TASK GOAL:
Every line below that holds "none" must be copied.

DATA UNDER STUDY:
_ _ _
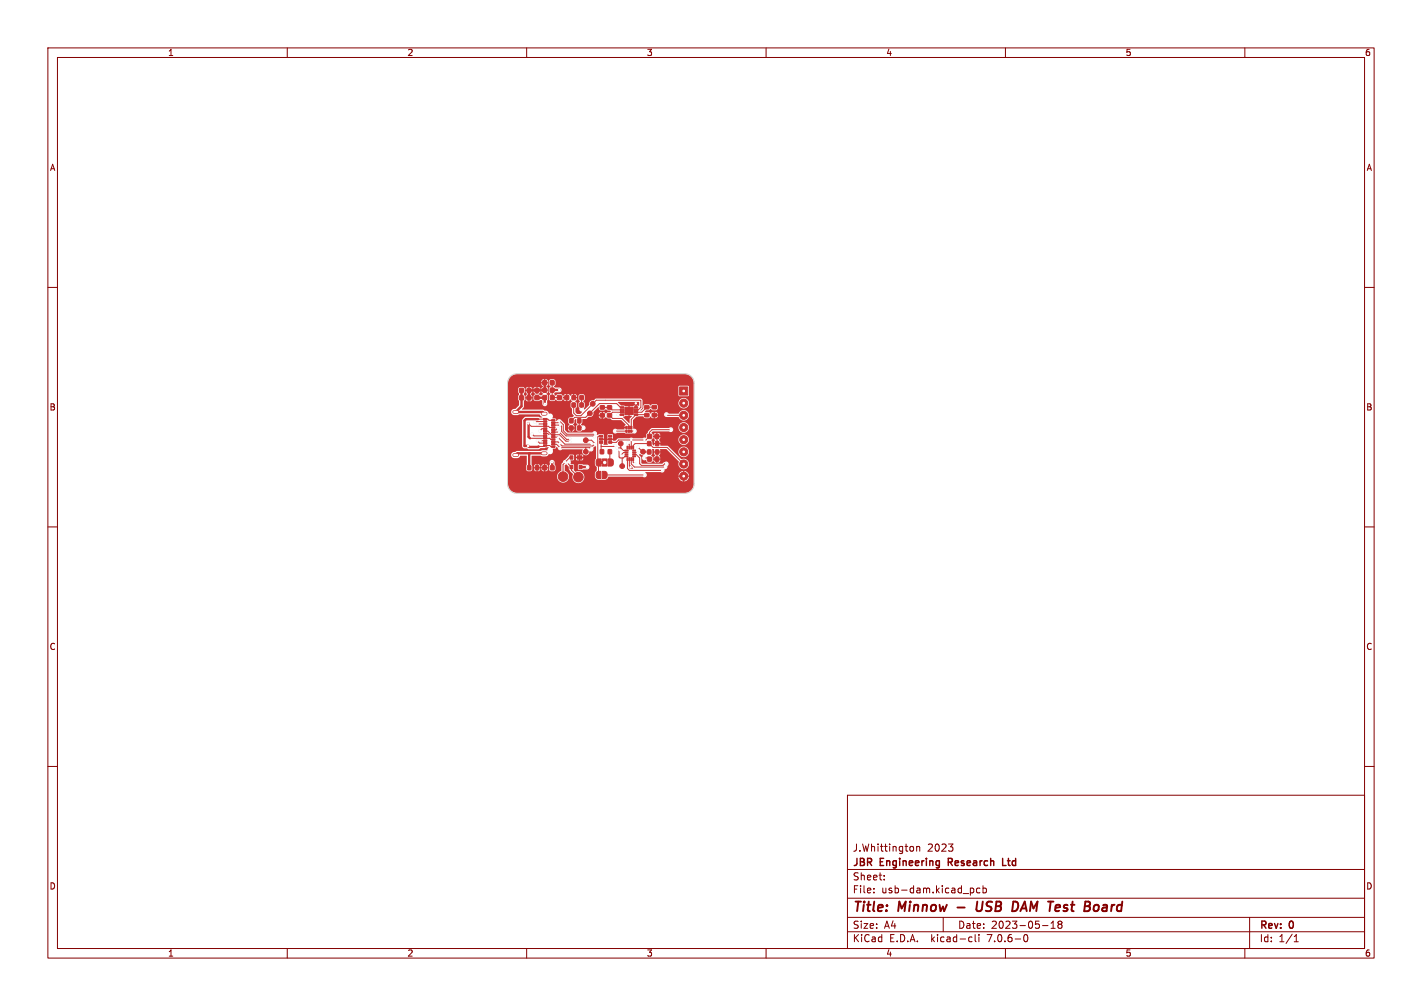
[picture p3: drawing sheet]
<svg xmlns="http://www.w3.org/2000/svg" width="297mm" height="210mm" viewBox="0 0 297 210" stroke-linecap="round" stroke-linejoin="round" font-family="sans-serif">
<g fill="none" stroke="#840000" stroke-width=".21">
<path d="M10 10h277v190h-277zM12 12h273v186h-273zM60 10v2M110 10v2M160 10v2M210 10v2M260 10v2M10 60h2M285 60h2M10 110h2M285 110h2M10 160h2"/>
<path d="M285 160h2M177 166h108v32h-108zM190.7 176.8l.1 .2-.1 .6M191.5 176.8l.2-.1 .3 .1 .1 .9M191.5 176.7v1M198.1 176.2h.9l-.5 .6M199 176.9v.7M60 198v2M110 198v2M160 198v2M177 194.5h108M177 191.5h108"/>
<path d="M177 187.5h108M177 181.5h108M182.5 186.3v.1M182.5 185.5v.1M184.7 183.6v.1M184.7 182.8v.1M197 191.5v3M202.6 195.6l.4 .1M202.8 185.4h.3l.3 .3-.1 .6-.5 .1M203 196.5l-.4 .1M203.7 195.1v1.3l.2 .2M204.5 195.1v.1"/>
<path d="M204.5 195.6v1M204.7 185.5l-.5-.1-.2 .3 .1 .6h.6M205.3 185.5l.4-.1 .3 .3-.1 .6h-.6M205.3 184.9v1.5M210 198v2M214 195.2l.2-.1a.8 .8 0 0 1 .5 .7 .8 .8 0 0 1-.5 .8l-.2-.1-.2-.5zM217.7 193.2h1.2M219.5 193.8h.9M219.5 192.7l.5-.4v1.5M221.2 192.9l-.2 .3v.3l.2 .3 .5-.1 .1-.2-.1-.4-.2-.2M221.2 192.9l-.2-.2 .2-.4 .5 .1 .1 .2-.3 .3M221.2 192.9h.3"/>
<path d="M260 198v2M261 191.5v6.5M270.3 196.6h.9M270.3 195.5l.4-.4v1.5"/>
</g>
<path d="M200 189.4h1.5M204.1 188.2l-.2 1.6 .2 .3a.66 .66 0 0 0 .8-.1M212.4 188.3l.3 .8-.2 .6M228.9 188.9l.5 .1 .1 .3-.1 .5-.4 .4" fill="none" stroke="#840000" stroke-width=".4"/>
<path d="M198.1 180h.5M198.6 179.2h-.5v1.5M209.4 179.2v1.5h.7" fill="none" stroke="#840000" stroke-width=".3"/>
<path d="M125.4 96.3h.5v.5h-.5z" fill="#c83434"/>
<g fill="#c83434" stroke="#c83434" stroke-width=".21">
<path d="M135.3 95.4h.7v.9h-.7z"/>
<path d="M136.8 95.4h.8v.9h-.8z"/>
<path d="M120.6 87.4h.7v.9h-.7z"/>
<path d="M119 87.4h.7v.9h-.7z"/>
<path d="M108.5 82.6h.8v.9h-.8z"/>
<path d="M110.1 82.6h.8v.9h-.8z"/>
<path d="M120.6 88.9h.7v.9h-.7z"/>
<path d="M119 88.9h.7v.9h-.7z"/>
<path d="M126.9 86.4h.8v.6h-.8z"/>
<path d="M126.9 84.7h.8v.7h-.8z"/>
<path d="M114.9 81h.8v.9h-.8z"/>
<path d="M113.4 81h.8v.9h-.8z"/>
<path d="M114.9 79.5h.8v.8h-.8z"/>
<path d="M113.4 79.5h.8v.8h-.8z"/>
<path d="M115.2 87.6h.7v.3h-.7z"/>
<path d="M115.2 88.1h.7v.3h-.7z"/>
<path d="M115.2 88.6h.7v.3h-.7z"/>
<path d="M115.2 89.1h.7v.3h-.7z"/>
<path d="M115.2 89.6h.7v.3h-.7z"/>
<path d="M115.2 90.1h.7v.3h-.7z"/>
<path d="M115.2 90.6h.7v.3h-.7z"/>
<path d="M115.2 91.1h.7v.3h-.7z"/>
<path d="M115.2 91.6h.7v.3h-.7z"/>
<path d="M115.2 92.1h.7v.3h-.7z"/>
<path d="M115.2 92.6h.7v.3h-.7z"/>
<path d="M115.2 93.1h.7v.3h-.7z"/>
<path d="M113.5 92.8h.7v.3h-.7z"/>
<path d="M113.5 92.4h.7v.3h-.7z"/>
<path d="M113.5 91.8h.7v.3h-.7z"/>
<path d="M113.5 91.4h.7v.3h-.7z"/>
<path d="M113.5 90.8h.7v.3h-.7z"/>
<path d="M113.5 90.4h.7v.3h-.7z"/>
<path d="M113.5 89.8h.7v.3h-.7z"/>
<path d="M113.5 89.4h.7v.3h-.7z"/>
<path d="M113.5 88.8h.7v.3h-.7z"/>
<path d="M113.5 88.4h.7v.3h-.7z"/>
<path d="M113.5 87.8h.7v.3h-.7z"/>
<path d="M113.5 87.4h.7v.3h-.7z"/>
<path d="M121.1 82.6h.7v.8h-.7z"/>
<path d="M119.5 82.6h.7v.8h-.7z"/>
<path d="M135.3 90.7h.7v.8h-.7z"/>
<path d="M136.8 90.7h.8v.8h-.8z"/>
<path d="M125.2 90.8h.7v.5h-.7z"/>
<path d="M125.2 91.5h.7v.4h-.7z"/>
<path d="M125.2 92.1h.7v.4h-.7z"/>
<path d="M127.1 92.1h.7v.4h-.7z"/>
<path d="M127.1 91.5h.7v.4h-.7z"/>
<path d="M127.1 90.8h.7v.5h-.7z"/>
<path d="M108.5 81.1h.8v.8h-.8z"/>
<path d="M110.1 81.1h.8v.8h-.8z"/>
<path d="M121.1 84.1h.7v.9h-.7z"/>
<path d="M119.5 84.1h.7v.9h-.7z"/>
<path d="M136.2 84.7h.9v.6h-.9z"/>
<path d="M136.2 86.3h.9v.7h-.9z"/>
<path d="M111.7 82.6h.9v.8h-.9z"/>
<path d="M111.7 81.1h.9v.8h-.9z"/>
<path d="M120.5 95.1h1v.7h-1z"/>
<path d="M119.1 95.1h.6v.7h-.6z"/>
<path d="M119.1 97.1h.6v.7h-.6z"/>
<path d="M120.9 97.1h.6v.7h-.6z"/>
<path d="M115 82.6h.7v.8h-.7z"/>
<path d="M113.4 82.6h.7v.8h-.7z"/>
<path d="M135.3 93.9h.6v.9h-.6z"/>
<path d="M136.9 93.9h.7v.9h-.7z"/>
<path d="M130.5 94h.7v.1h-.7z"/>
<path d="M130.6 94.4h.5v.1h-.5z"/>
<path d="M130.6 94.8h.5v.1h-.5z"/>
<path d="M130.6 95.2h.5v.1h-.5z"/>
<path d="M131 95.6h.1v.5h-.1z"/>
<path d="M131.4 95.6h.1v.5h-.1z"/>
<path d="M131.8 95.6h.1v.5h-.1z"/>
<path d="M132.2 95.6h.1v.5h-.1z"/>
<path d="M132.2 95.2h.5v.1h-.5z"/>
<path d="M132.2 94.8h.5v.1h-.5z"/>
<path d="M132.2 94.4h.5v.1h-.5z"/>
<path d="M132.2 94h.5v.1h-.5z"/>
<path d="M132.2 93.2h.1v.5h-.1z"/>
<path d="M131.8 93.2h.1v.5h-.1z"/>
<path d="M131.4 93.2h.1v.5h-.1z"/>
<path d="M131 93.2h.1v.5h-.1z"/>
<path d="M132.5 86.4h.7v.3h-.7z"/>
<path d="M132.5 85.9h.7v.3h-.7z"/>
<path d="M132.5 85.4h.7v.3h-.7z"/>
<path d="M132.5 84.9h.7v.3h-.7z"/>
<path d="M129.6 84.9h.7v.3h-.7z"/>
<path d="M129.6 85.4h.7v.3h-.7z"/>
<path d="M129.6 85.9h.7v.3h-.7z"/>
<path d="M129.6 86.4h.7v.3h-.7z"/>
<path d="M130.5 85.1h1.8v1.4h-1.8z"/>
<path d="M131.7 89h.3v.5h-.3z"/>
<path d="M131.2 89h.3v.5h-.3z"/>
<path d="M130.7 89h.3v.5h-.3z"/>
<path d="M130.7 89.8h.3v.4h-.3z"/>
<path d="M131.2 89.8h.3v.4h-.3z"/>
<path d="M131.7 89.8h.3v.4h-.3z"/>
<path d="M141.9 80.8h1.7v1.7h-1.7z"/>
<path d="M125.4 84.7h.8v.7h-.8z"/>
<path d="M125.4 86.4h.8v.6h-.8z"/>
<path d="M125.8 98.4h.6l.3 .2 .1 .9-.3 .4h-.7z"/>
<path d="M124.7 98.5l.8-.1v1.5h-.6l-.3-.2-.1-.8z"/>
<path d="M135.3 92.2h.6v.8h-.6z"/>
<path d="M136.9 92.2h.7v.8h-.7z"/>
<path d="M127 93.9h.7v.8h-.7z"/>
<path d="M125.4 93.9h.7v.8h-.7z"/>
<path d="M115 97.2h.7v.9h-.7z"/>
<path d="M113.4 97.2h.7v.9h-.7z"/>
<path d="M116.4 82.6h.8v.8h-.8z"/>
<path d="M118 82.6h.8v.8h-.8z"/>
<path d="M134.7 86.3h.8v.7h-.8z"/>
<path d="M134.7 84.7h.8v.6h-.8z"/>
<path d="M124.7 95.9l.8-.1v1.5h-.6l-.3-.2-.1-.8z"/>
<path d="M125.8 95.8h1v1.5h-1z"/>
<path d="M127.1 95.8h.6l.3 .2 .1 .9-.3 .4h-.7z"/>
<path d="M110.2 97.2h.7v.9h-.7z"/>
<path d="M111.8 97.2h.7v.9h-.7z"/>
<circle cx="123.8" cy="84.3" r=".5"/>
<circle cx="130" cy="97.3" r=".5"/>
<circle cx="123.2" cy="86.3" r=".5"/>
<circle cx="122.3" cy="91.9" r=".5"/>
<circle cx="142.8" cy="84.2" r=".85"/>
<circle cx="142.8" cy="86.7" r=".85"/>
<circle cx="142.8" cy="89.2" r=".85"/>
<circle cx="142.8" cy="91.8" r=".85"/>
<circle cx="142.8" cy="94.3" r=".85"/>
<circle cx="142.8" cy="96.9" r=".85"/>
<circle cx="142.8" cy="99.4" r=".85"/>
<circle cx="122.3" cy="94.3" r=".5"/>
<circle cx="120.8" cy="99.6" r="1"/>
<circle cx="129.7" cy="92.6" r=".5"/>
<circle cx="117.6" cy="99.5" r="1"/>
<circle cx="134.3" cy="94.3" r=".5"/>
</g>
<path d="M107.4 86h.6M107.4 95h.6M113.4 86.4h.6M113.4 94.6h.6" fill="none" stroke="#c83434" stroke-width=".8"/>
<g fill="#ececec" stroke="#ececec" stroke-width=".21">
<circle cx="132.8" cy="84.2" r=".25"/>
<circle cx="131.7" cy="97.5" r=".25"/>
<circle cx="116.8" cy="81.4" r=".25"/>
<circle cx="110.4" cy="88.4" r=".25"/>
<circle cx="122.6" cy="97.5" r=".25"/>
<circle cx="113.8" cy="84.3" r=".25"/>
<circle cx="134.6" cy="95.6" r=".25"/>
<circle cx="134.6" cy="99.1" r=".25"/>
<circle cx="131.8" cy="91.9" r=".25"/>
<circle cx="140.1" cy="89.7" r=".25"/>
<circle cx="132.5" cy="90" r=".25"/>
<circle cx="134.6" cy="91.8" r=".25"/>
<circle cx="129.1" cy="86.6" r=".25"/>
_ _ _
EXERCISE SOLUTION:
<g fill="none" stroke="#840000" stroke-width=".21">
<path d="M200 189.4h1.5M204.1 188.2l-.2 1.6 .2 .3a.66 .66 0 0 0 .8-.1M212.4 188.3l.3 .8-.2 .6M228.9 188.9l.5 .1 .1 .3-.1 .5-.4 .4" fill="none" stroke="#840000" stroke-width=".4"/>
<path d="M198.1 180h.5M198.6 179.2h-.5v1.5M209.4 179.2v1.5h.7" fill="none" stroke="#840000" stroke-width=".3"/>
<path d="M107.4 86h.6M107.4 95h.6M113.4 86.4h.6M113.4 94.6h.6" fill="none" stroke="#c83434" stroke-width=".8"/>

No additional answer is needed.